Install dependencies
sudo apt install yubikey-manager opensc pcscd
sudo systemctl enable --now pcscd
Generate key and CSR
You can use the YubiKey Manager GUI, which is usually the easiest approach.
Using the CLI:
ykman piv keys generate -a RSA4096 9a pubkey.pem
Create a CSR:
MY_NAME="Firstname Lastname"
ykman piv certificates request \
-s "CN=$MY_NAME,OU=YubiKey" \
9a \
pubkey.pem \
cert.csr
Submit the CSR to your PKI as before.
Import signed certificate
ykman piv certificates import 9a cert.pem
Chrome integration
Chrome on Linux typically discovers YubiKey certificates automatically via pcscd.
If not, manually register the OpenSC PKCS#11 module:
modutil -dbdir "sql:$HOME/.pki/nssdb" \
-add "OpenSC" \
-libfile /usr/lib/x86_64-linux-gnu/opensc-pkcs11.so
As with TPM-backed certificates, make sure the full CA chain is installed in the browser’s certificate store:
chrome://settings/certificates
Once the intermediates are present, Chrome can use the hardware-backed certificate for client authentication.
Final Thoughts
Certificate-based authentication is the strongest form of authentication available on the web, but it is rarely used because certificates are harder to deploy. As you’ve seen, it is not as straightforward as a password, but some applications genuinely need the added security - a PKI management interface, for example.
Storing the private key in hardware makes it impossible to extract from the TPM or the hardware token. You no longer have to worry about backups containing a key file, or a remote attacker being able to copy the private key.

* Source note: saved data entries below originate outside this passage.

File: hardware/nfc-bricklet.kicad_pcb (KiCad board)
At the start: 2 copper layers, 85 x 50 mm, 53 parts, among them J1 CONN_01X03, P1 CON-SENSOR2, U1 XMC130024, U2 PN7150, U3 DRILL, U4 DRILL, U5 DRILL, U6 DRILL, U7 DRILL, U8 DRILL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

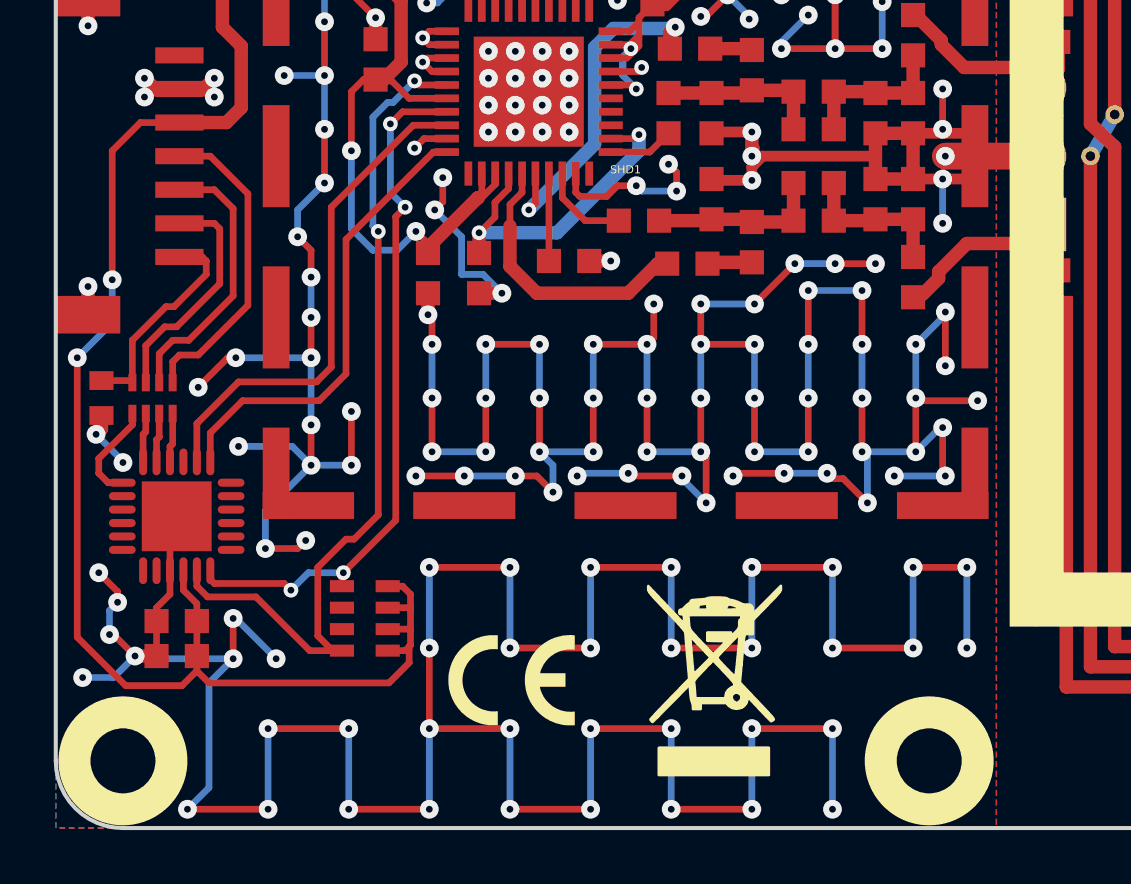
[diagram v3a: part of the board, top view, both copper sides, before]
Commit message: add status led, debug pad, boot pad
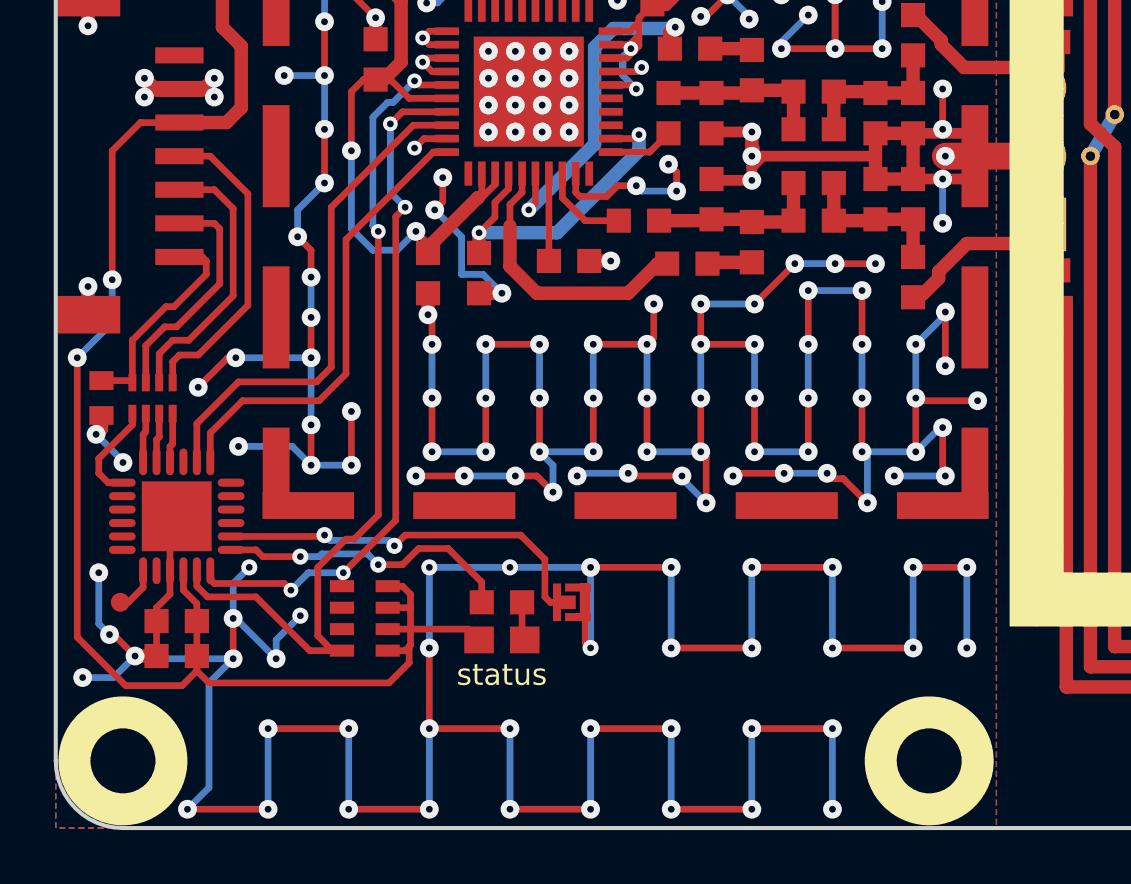
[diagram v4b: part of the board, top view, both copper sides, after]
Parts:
- added D1: blue, D0603E, F.Cu at (127.0, 95.0)
- added P2: BOOT, kicad-libraries:SolderJumper, F.Cu at (129.6, 93.6)
- added P3: DEBUG, kicad-libraries:DEBUG_PAD, F.Cu at (112.8, 93.6)
- added R7: 1k, R0603F, F.Cu at (127.0, 93.6)
- VAL (x2): moved to B.Cu
- moved VAL 20.9 mm to (127.4, 77.0)
- moved VAL 20.7 mm to (120.4, 77.0)
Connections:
- U1 pad 13: (no net) -> Net-(R7-Pad1)
- U1 pad 14: (no net) -> Net-(P2-Pad2)
- U1 pad 7: (no net) -> Net-(P3-Pad1)
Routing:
- net Net-(P2-Pad2): track 0.00 -> 14.7 mm, vias 0 -> 2
- net Net-(R7-Pad1): track 0.00 -> 11.2 mm, vias 0 -> 2
- net VCC: track 114.7 -> 117.4 mm
- net Net-(P3-Pad1): track 0.00 -> 1.70 mm
- net Net-(D1-Pad2): track 0.00 -> 1.44 mm
- net GND: track 611.5 -> 611.6 mm, vias 268 -> 266
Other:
- net class Default: clearance 0.2 -> 0.15
- rule trace_clearance: 0.2 -> 0.15
- board text added: "status"

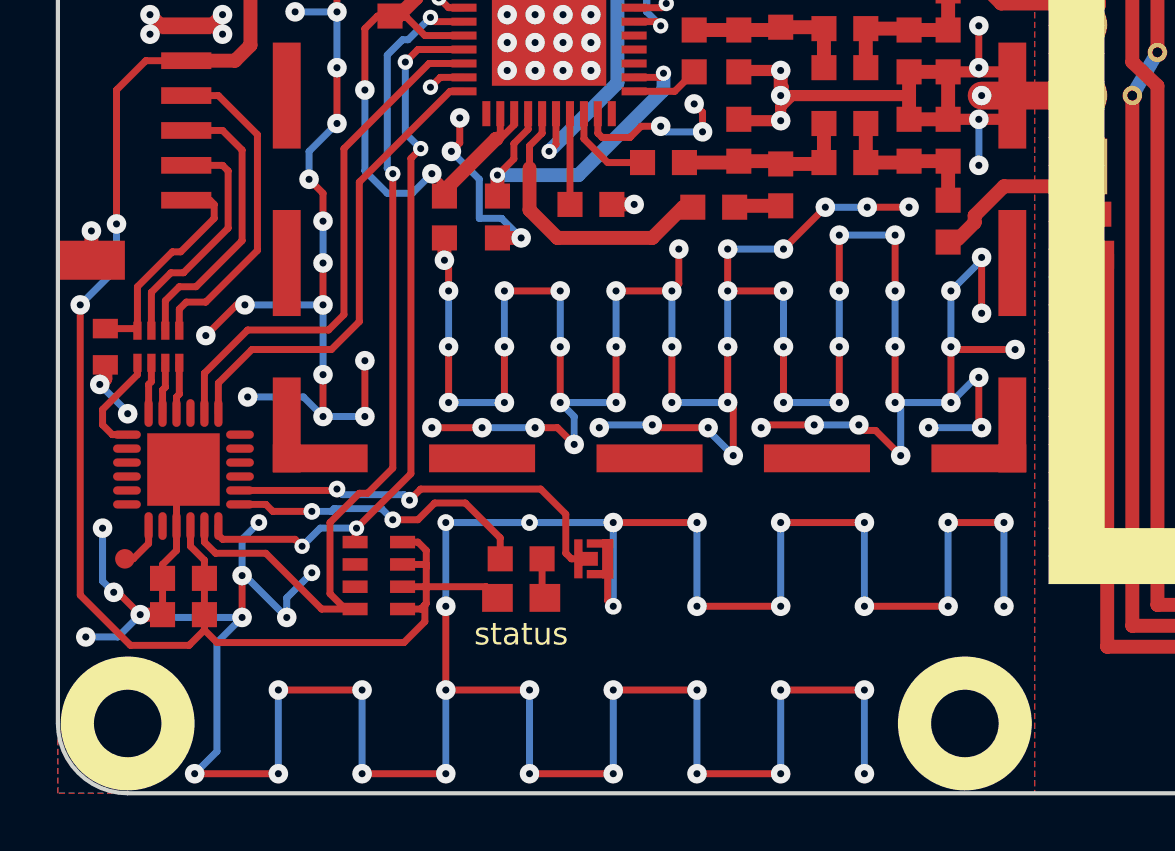
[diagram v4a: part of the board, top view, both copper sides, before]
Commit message: add second led
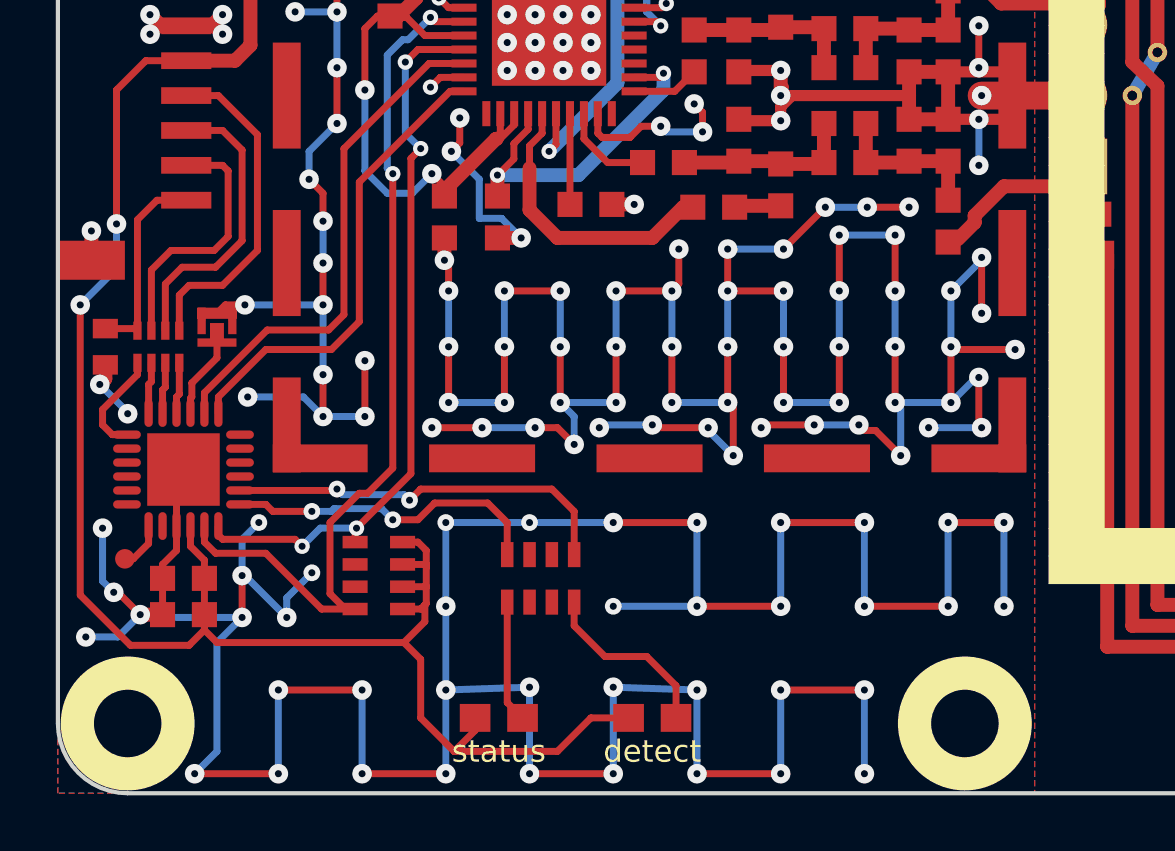
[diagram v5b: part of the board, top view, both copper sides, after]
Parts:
- removed R7: 1k, R0603F
- added D2: green, D0603E, F.Cu at (131.7, 99.3)
- added RP3: 1k, 4X0603, F.Cu at (127.7, 94.3)
- moved P2 15.8 mm to (116.1, 85.3), turned to 270 degrees
- moved D1 4.37 mm to (126.2, 99.3)
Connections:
- U1 pad 14: Net-(P2-Pad2) -> Net-(RP3-Pad4)
- U1 pad 21: (no net) -> Net-(P2-Pad2)
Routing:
- net Net-(RP3-Pad4): track 0.00 -> 14.3 mm, vias 0 -> 2
- net Net-(P2-Pad2): track 14.7 -> 3.32 mm, vias 2 -> 0
- net VCC: track 117.4 -> 127.6 mm
- net Net-(D2-Pad2): track 0.00 -> 6.54 mm
- net GND: track 611.6 -> 608.3 mm, vias 266 -> 265
- net Net-(D1-Pad2): track 1.44 -> 4.38 mm
- net Net-(C1-Pad1): track 8.12 -> 7.26 mm
- net Net-(P1-Pad6): track 8.71 -> 9.35 mm
- net Net-(RP3-Pad1): track 11.2 -> 11.7 mm
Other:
- board text added: "detect"

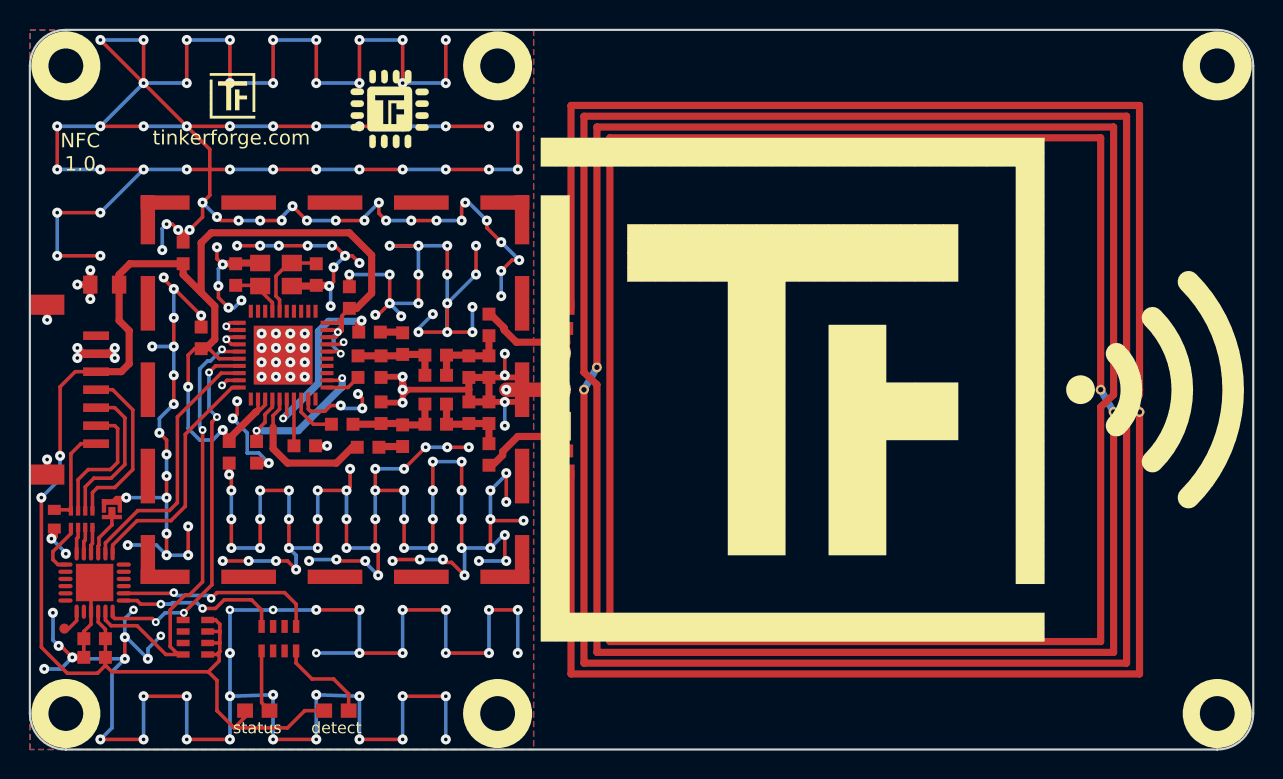
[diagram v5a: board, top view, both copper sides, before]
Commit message: add fiducials, swap sda,scl
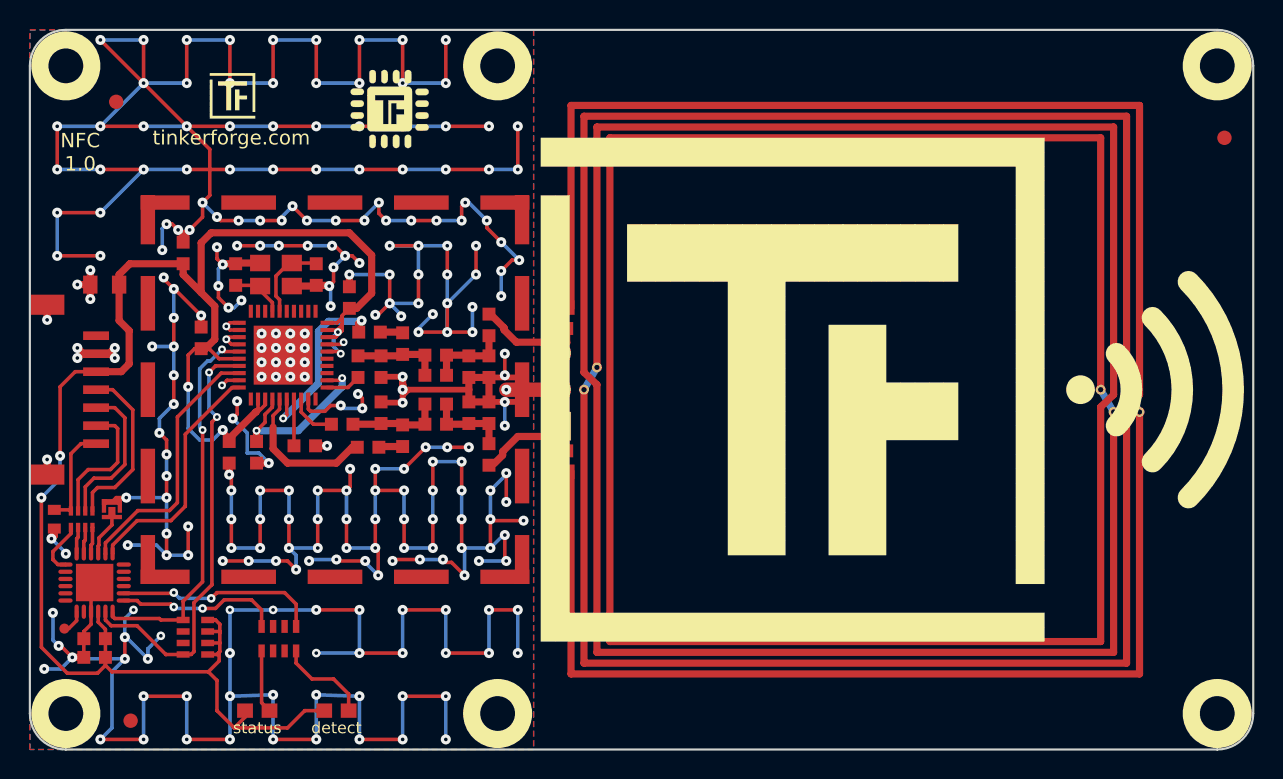
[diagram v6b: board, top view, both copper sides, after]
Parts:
- added Fiducial_Mark: VAL**, kicad-libraries:Fiducial_Mark, F.Cu at (116.4, 57.0)
- added Fiducial_Mark: VAL**, kicad-libraries:Fiducial_Mark, F.Cu at (117.4, 100.0)
- added Fiducial_Mark: VAL**, kicad-libraries:Fiducial_Mark, F.Cu at (193.4, 59.5)
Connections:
- RP2 pad 5: SDA -> SCL
- RP2 pad 8: SCL -> SDA
- U1 pad 11: SDA -> SCL
- U1 pad 12: SCL -> SDA
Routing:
- net SDA: track 32.0 -> 26.8 mm
- net SCL: track 26.6 -> 30.5 mm, vias 4 -> 2

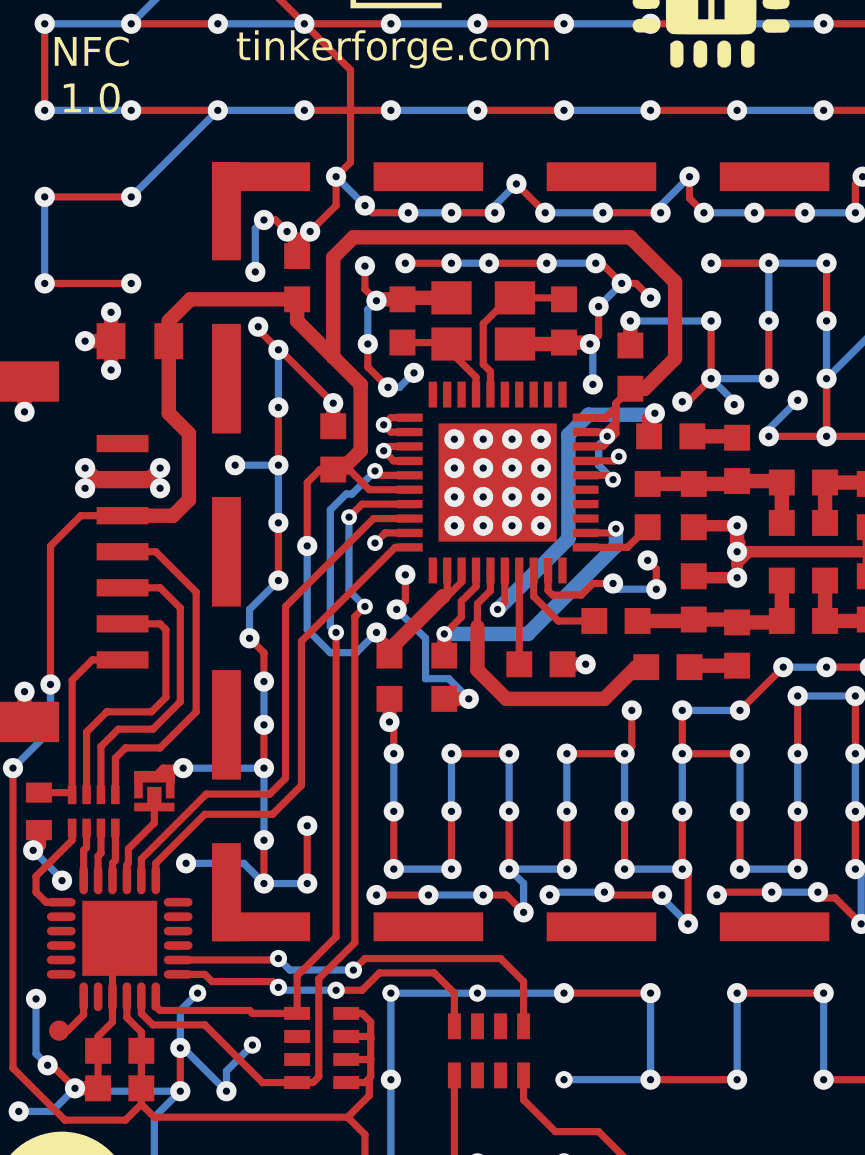
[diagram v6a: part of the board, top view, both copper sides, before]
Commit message: make vdd an island
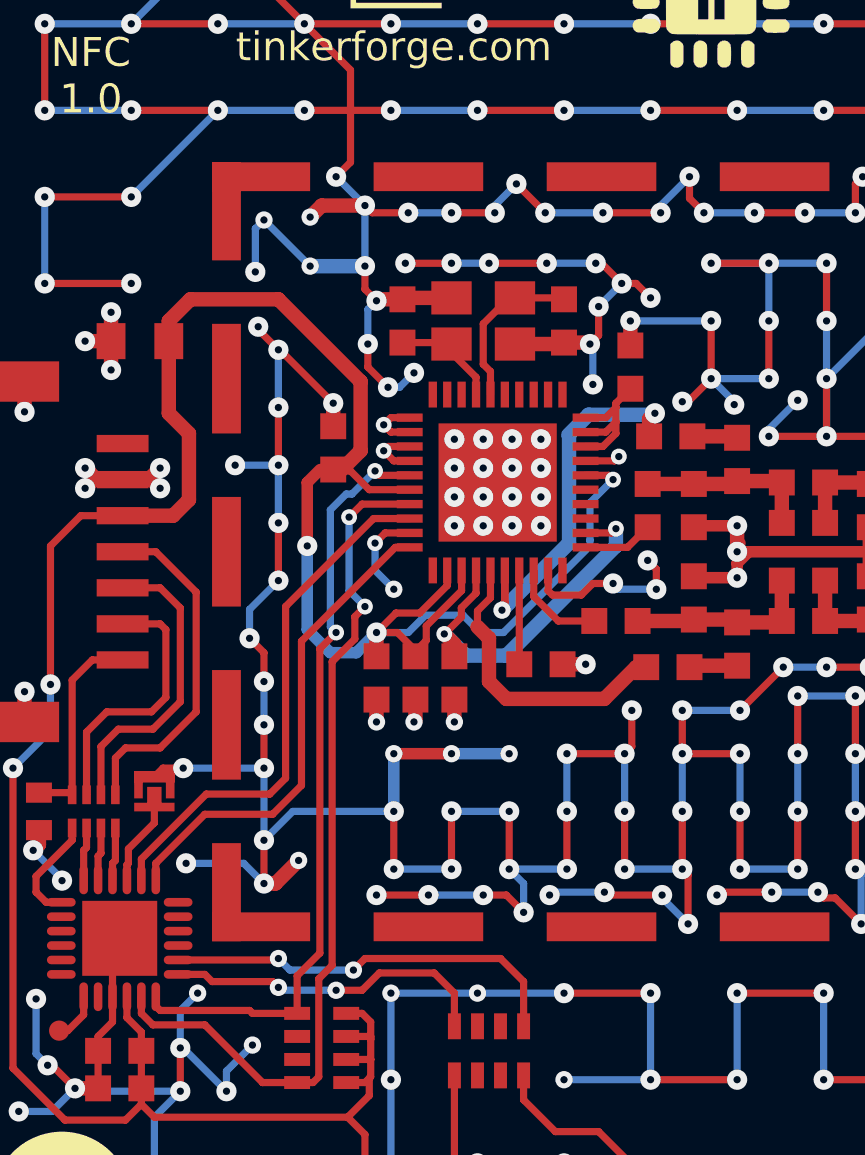
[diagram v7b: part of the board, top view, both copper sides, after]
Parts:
- C10: value 100nF -> 1uF
- moved C9 8.47 mm to (125.2, 81.4), turned to 270 degrees
- moved C8 6.03 mm to (122.3, 73.4)
- moved C7 0.45 mm to (123.8, 81.4)
- moved C12 0.35 mm to (126.5, 81.4)
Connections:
- C10 pad 1: VCC -> Net-(C10-Pad1)
- P1 pad 1: (no net) -> +5V
- U2 pad 28: VCC -> Net-(C10-Pad1)
- U2 pad 29: VCC -> Net-(C10-Pad1)
- U2 pad 30: VCC -> Net-(C10-Pad1)
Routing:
- net VCC: track 127.6 -> 114.2 mm, vias 6 -> 5
- net Net-(C10-Pad1): track 0.00 -> 5.39 mm
- net GND: track 608.3 -> 609.7 mm, vias 265 -> 264
- net Net-(C15-Pad2): track 12.7 -> 14.1 mm
- net Net-(C12-Pad2): track 12.3 -> 13.1 mm

That said, a remote attacker can still use the key if they manage to compromise your system. Hardware-backed keys do not help much if your workstation is left unlocked.
With a YubiKey, you might even make it easier for an attacker: why break into your system when they can just grab your token from your desk? Without PIN authentication, or a PIN that begins with 123 and ends with 456, a hardware token may actually be weaker. A stolen laptop gets noticed immediately, a missing USB token might take a while.
Hardware key storage is a strong measure, but it is not a substitute for good operational discipline. Lock your screen, remove the token, keep your system patched. Strong authentication works best when backed by strong habits.